Task class and data input system for training

Task class

In ESpnet1, we have too many duplicated python modules. One of the big purposes of ESPnet2 is to provide a common interface and enable us to focus more on the unique parts of each task.

Task class is a common system to build training tools for each task, ASR, TTS, LM, etc. inspired by Fairseq Task idea. To build your task, only you have to do is just inheriting AbsTask class:

from espnet2.tasks.abs_task import AbsTask
from espnet2.train.abs_espnet_model import AbsESPnetModel

class NewModel(ESPnetModel):
    def forward(self, input, target):
        # loss: The loss of the task. Must be a scalar value.
        # stats: A dict object, used for logging and validation criterion
        # weight: A scalar value that is used for normalization of loss and stats values among each mini-batches.
        #     In many cases, this value should be equal to the mini-batch-size
        return loss, stats, weight

class NewTask(AbsTask):
    def add_task_arguments(cls, parser):

    def build_collate_fn(cls, args: argparse.Namespace)

    def build_preprocess_fn(cls, args, train):

    def required_data_names(cls, inference: bool = False):

    def optional_data_names(cls, inference: bool = False):

    def build_model(cls, args):
        return NewModel(...)

if __name__ == "__main__":
    # Start training

Data input system

Espnet2 also provides a command line interface to describe the training corpus. On the contrary, unlike fairseq or training system such as pytorch-lightining, our Task class doesn’t have an interface for building the dataset explicitly. This is because we aim at the task related to speech/text only, so we don’t need such general system so far.

The following is an example of the command lint arguments:

python -m espnet2.bin.asr_train \
  --train_data_path_and_name_and_type=/some/path/tr/wav.scp,speech,sound \
  --train_data_path_and_name_and_type=/some/path/tr/token_int,text,text_int \
  --valid_data_path_and_name_and_type=/some/path/dev/wav.scp,speech,sound \

First of all, our mini-batch is always a dict object:

# In training iteration
for batch in iterator:
    # e.g. batch = {"speech": ..., "text": ...}
    # Forward

Where the model is same as the model built by Task.build_model().
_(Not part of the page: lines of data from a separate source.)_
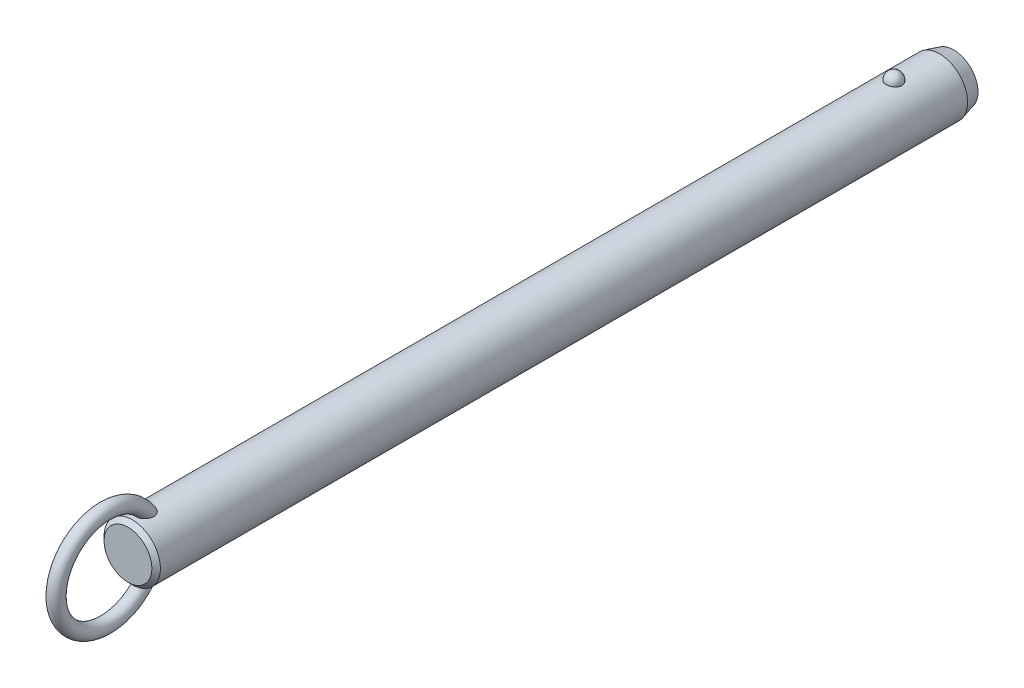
ISO-10303-21;
HEADER;
FILE_DESCRIPTION(('STEP AP214'),'2;1');
FILE_NAME('part.step','',(''),(''),'','','');
FILE_SCHEMA(('AUTOMOTIVE_DESIGN { 1 0 10303 214 1 1 1 1 }'));
ENDSEC;
DATA;
#1=APPLICATION_CONTEXT('core data for automotive mechanical design processes');
#2=APPLICATION_PROTOCOL_DEFINITION('international standard','automotive_design',2000,#1);
#3=PRODUCT_CONTEXT('',#1,'mechanical');
#4=PRODUCT('Part','Part','',(#3));
#5=PRODUCT_RELATED_PRODUCT_CATEGORY('part','',(#4));
#6=PRODUCT_DEFINITION_FORMATION('','',#4);
#7=PRODUCT_DEFINITION_CONTEXT('part definition',#1,'design');
#8=PRODUCT_DEFINITION('design','',#6,#7);
#9=PRODUCT_DEFINITION_SHAPE('','',#8);
#10=(LENGTH_UNIT() NAMED_UNIT(*) SI_UNIT(.MILLI.,.METRE.));
#11=(NAMED_UNIT(*) PLANE_ANGLE_UNIT() SI_UNIT($,.RADIAN.));
#12=(NAMED_UNIT(*) SI_UNIT($,.STERADIAN.) SOLID_ANGLE_UNIT());
#13=UNCERTAINTY_MEASURE_WITH_UNIT(LENGTH_MEASURE(1.E-05),#10,'distance_accuracy_value','');
#14=(GEOMETRIC_REPRESENTATION_CONTEXT(3) GLOBAL_UNCERTAINTY_ASSIGNED_CONTEXT((#13)) GLOBAL_UNIT_ASSIGNED_CONTEXT((#10,
#11,#12)) REPRESENTATION_CONTEXT('',''));
#15=CARTESIAN_POINT('',(0.,0.,0.));
#16=DIRECTION('',(0.,0.,1.));
#17=DIRECTION('',(1.,0.,0.));
#18=AXIS2_PLACEMENT_3D('',#15,#16,#17);
#19=CARTESIAN_POINT('',(0.,0.,203.2));
#20=DIRECTION('',(0.,0.,-1.));
#21=DIRECTION('',(-1.,0.,0.));
#22=AXIS2_PLACEMENT_3D('',#19,#20,#21);
#23=CYLINDRICAL_SURFACE('',#22,7.9);
#24=CARTESIAN_POINT('',(2.1785689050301,7.59367088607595,-2.20000000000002));
#25=CARTESIAN_POINT('',(2.17856679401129,7.59367269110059,-2.07701843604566));
#26=CARTESIAN_POINT('',(2.16853481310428,7.59657145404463,-1.95401006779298));
#27=CARTESIAN_POINT('',(2.12864689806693,7.607843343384,-1.71147811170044));
#28=CARTESIAN_POINT('',(2.09878338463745,7.61621856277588,-1.5919558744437));
#29=CARTESIAN_POINT('',(2.0199931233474,7.63749180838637,-1.35985638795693));
#30=CARTESIAN_POINT('',(1.97107475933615,7.6503878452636,-1.24727610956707));
#31=CARTESIAN_POINT('',(1.85539377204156,7.67926115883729,-1.03213234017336));
#32=CARTESIAN_POINT('',(1.78863158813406,7.69523835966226,-0.929568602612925));
#33=CARTESIAN_POINT('',(1.63856494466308,7.7285848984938,-0.73678633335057));
#34=CARTESIAN_POINT('',(1.55518140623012,7.7459606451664,-0.646630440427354));
#35=CARTESIAN_POINT('',(1.37422937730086,7.78009978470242,-0.481747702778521));
#36=CARTESIAN_POINT('',(1.27666086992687,7.79686317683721,-0.407020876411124));
#37=CARTESIAN_POINT('',(1.07024728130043,7.82786153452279,-0.275278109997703));
#38=CARTESIAN_POINT('',(0.961434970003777,7.84210353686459,-0.218212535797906));
#39=CARTESIAN_POINT('',(0.735351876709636,7.86652194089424,-0.123146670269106));
#40=CARTESIAN_POINT('',(0.618082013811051,7.87669878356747,-0.0851443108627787));
#41=CARTESIAN_POINT('',(0.380637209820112,7.89170521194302,-0.0298158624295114));
#42=CARTESIAN_POINT('',(0.260550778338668,7.89662650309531,-0.0121347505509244));
#43=CARTESIAN_POINT('',(0.0190117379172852,7.90090003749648,0.00324379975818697));
#44=CARTESIAN_POINT('',(-0.102440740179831,7.90025280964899,0.000943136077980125));
#45=CARTESIAN_POINT('',(-0.341452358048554,7.89351056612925,-0.0233955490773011));
#46=CARTESIAN_POINT('',(-0.459042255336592,7.88749257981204,-0.0451545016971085));
#47=CARTESIAN_POINT('',(-0.688796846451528,7.87075812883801,-0.107408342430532));
#48=CARTESIAN_POINT('',(-0.800961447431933,7.86004158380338,-0.14790355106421));
#49=CARTESIAN_POINT('',(-1.01743634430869,7.83497131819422,-0.246799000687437));
#50=CARTESIAN_POINT('',(-1.12169791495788,7.82059709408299,-0.305300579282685));
#51=CARTESIAN_POINT('',(-1.31891765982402,7.78976470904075,-0.43854939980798));
#52=CARTESIAN_POINT('',(-1.41187469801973,7.77330633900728,-0.513298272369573));
#53=CARTESIAN_POINT('',(-1.58577142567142,7.73972434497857,-0.678622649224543));
#54=CARTESIAN_POINT('',(-1.66645140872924,7.72259402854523,-0.769470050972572));
#55=CARTESIAN_POINT('',(-1.81161503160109,7.68983776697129,-0.963538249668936));
#56=CARTESIAN_POINT('',(-1.87609753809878,7.6742119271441,-1.0667599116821));
#57=CARTESIAN_POINT('',(-1.98790138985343,7.6460202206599,-1.28401170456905));
#58=CARTESIAN_POINT('',(-2.03501994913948,7.63349104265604,-1.39815107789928));
#59=CARTESIAN_POINT('',(-2.10986724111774,7.6131449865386,-1.6330178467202));
#60=CARTESIAN_POINT('',(-2.1375965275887,7.60532797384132,-1.75374505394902));
#61=CARTESIAN_POINT('',(-2.17289256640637,7.5953195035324,-1.99782562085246));
#62=CARTESIAN_POINT('',(-2.18054294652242,7.59310471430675,-2.12116592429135));
#63=CARTESIAN_POINT('',(-2.17572919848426,7.59448538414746,-2.36741799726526));
#64=CARTESIAN_POINT('',(-2.1632656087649,7.59808068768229,-2.49032977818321));
#65=CARTESIAN_POINT('',(-2.11865035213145,7.61064035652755,-2.73161015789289));
#66=CARTESIAN_POINT('',(-2.08659579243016,7.61957823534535,-2.84999812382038));
#67=CARTESIAN_POINT('',(-2.00367799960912,7.64179982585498,-3.07955956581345));
#68=CARTESIAN_POINT('',(-1.9528140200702,7.65508371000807,-3.19073275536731));
#69=CARTESIAN_POINT('',(-1.83321113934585,7.68460381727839,-3.40337899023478));
#70=CARTESIAN_POINT('',(-1.76437735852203,7.70085556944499,-3.5047965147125));
#71=CARTESIAN_POINT('',(-1.61069526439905,7.73445734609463,-3.69446912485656));
#72=CARTESIAN_POINT('',(-1.52584634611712,7.75180741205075,-3.78272371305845));
#73=CARTESIAN_POINT('',(-1.34198059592,7.78574608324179,-3.94393987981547));
#74=CARTESIAN_POINT('',(-1.24291308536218,7.80233167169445,-4.01684434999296));
#75=CARTESIAN_POINT('',(-1.03352039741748,7.83281625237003,-4.14489386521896));
#76=CARTESIAN_POINT('',(-0.92319600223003,7.84671543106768,-4.20004014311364));
#77=CARTESIAN_POINT('',(-0.695822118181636,7.87011575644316,-4.29042017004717));
#78=CARTESIAN_POINT('',(-0.578872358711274,7.87966903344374,-4.32589112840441));
#79=CARTESIAN_POINT('',(-0.340410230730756,7.8935652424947,-4.37692226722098));
#80=CARTESIAN_POINT('',(-0.218898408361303,7.89790879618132,-4.39248482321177));
#81=CARTESIAN_POINT('',(0.0228107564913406,7.90087453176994,-4.40314405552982));
#82=CARTESIAN_POINT('',(0.142990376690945,7.89960185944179,-4.39861683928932));
#83=CARTESIAN_POINT('',(0.380829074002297,7.89171262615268,-4.37008293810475));
#84=CARTESIAN_POINT('',(0.498488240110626,7.8850962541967,-4.34607694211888));
#85=CARTESIAN_POINT('',(0.727535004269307,7.86726442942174,-4.27939317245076));
#86=CARTESIAN_POINT('',(0.838944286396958,7.85606616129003,-4.23678512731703));
#87=CARTESIAN_POINT('',(1.05295421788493,7.83025654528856,-4.13408348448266));
#88=CARTESIAN_POINT('',(1.15555431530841,7.81564498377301,-4.07398879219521));
#89=CARTESIAN_POINT('',(1.35076763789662,7.7843022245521,-3.93687432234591));
#90=CARTESIAN_POINT('',(1.4432046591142,7.76754209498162,-3.85961036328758));
#91=CARTESIAN_POINT('',(1.6139111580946,7.73387857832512,-3.69076949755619));
#92=CARTESIAN_POINT('',(1.6921781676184,7.71697516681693,-3.59919010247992));
#93=CARTESIAN_POINT('',(1.83380875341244,7.6845643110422,-3.40247278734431));
#94=CARTESIAN_POINT('',(1.89689280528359,7.66908588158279,-3.29712873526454));
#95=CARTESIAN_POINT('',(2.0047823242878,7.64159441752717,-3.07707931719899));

You can flexibly construct this mini-batch object using --*_data_path_and_name_and_type. --*_data_path_and_name_and_type can be repeated as you need and each --*_data_path_and_name_and_type corresponds to an element in the mini-batch. Also, keep in mind that there is no distinction between input and target data.

The argument of --train_data_path_and_name_and_type should be given as three values separated by commas, like <file-path>,<key-name>,<file-format>.

  • key-name specify the key of dict

  • file-path is a file/directory path for the data source.

  • file-format indicates the format of file specified by file-path. e.g. sound, kaldi_ark, or etc.

scp file

You can show the supported file format using --help option.

python -m espnet2.bin.asr_train --help

Almost all formats are referred as scp file according to Kaldi-ASR. scp is just a text file which has two columns for each line: The first indicates the sample id and the second is some value. e.g. file path, transcription, a sequence of numbers.

  • format=npy

    sample_id_a /some/path/a.npy
    sample_id_b /some/path/b.npy
  • format=sound

    sample_id_a /some/path/a.flac
    sample_id_b /some/path/a.wav
  • format=kaldi_ark

    sample_id_a /some/path/a.ark:1234
    sample_id_b /some/path/a.ark:5678
  • format=text_int

    sample_id_a 10 2 4 4
    sample_id_b 3 2 0 1 6 2
  • format=text

    sample_id_a hello world
    sample_id_b It is rainy today

required_data_names() and optional_data_names()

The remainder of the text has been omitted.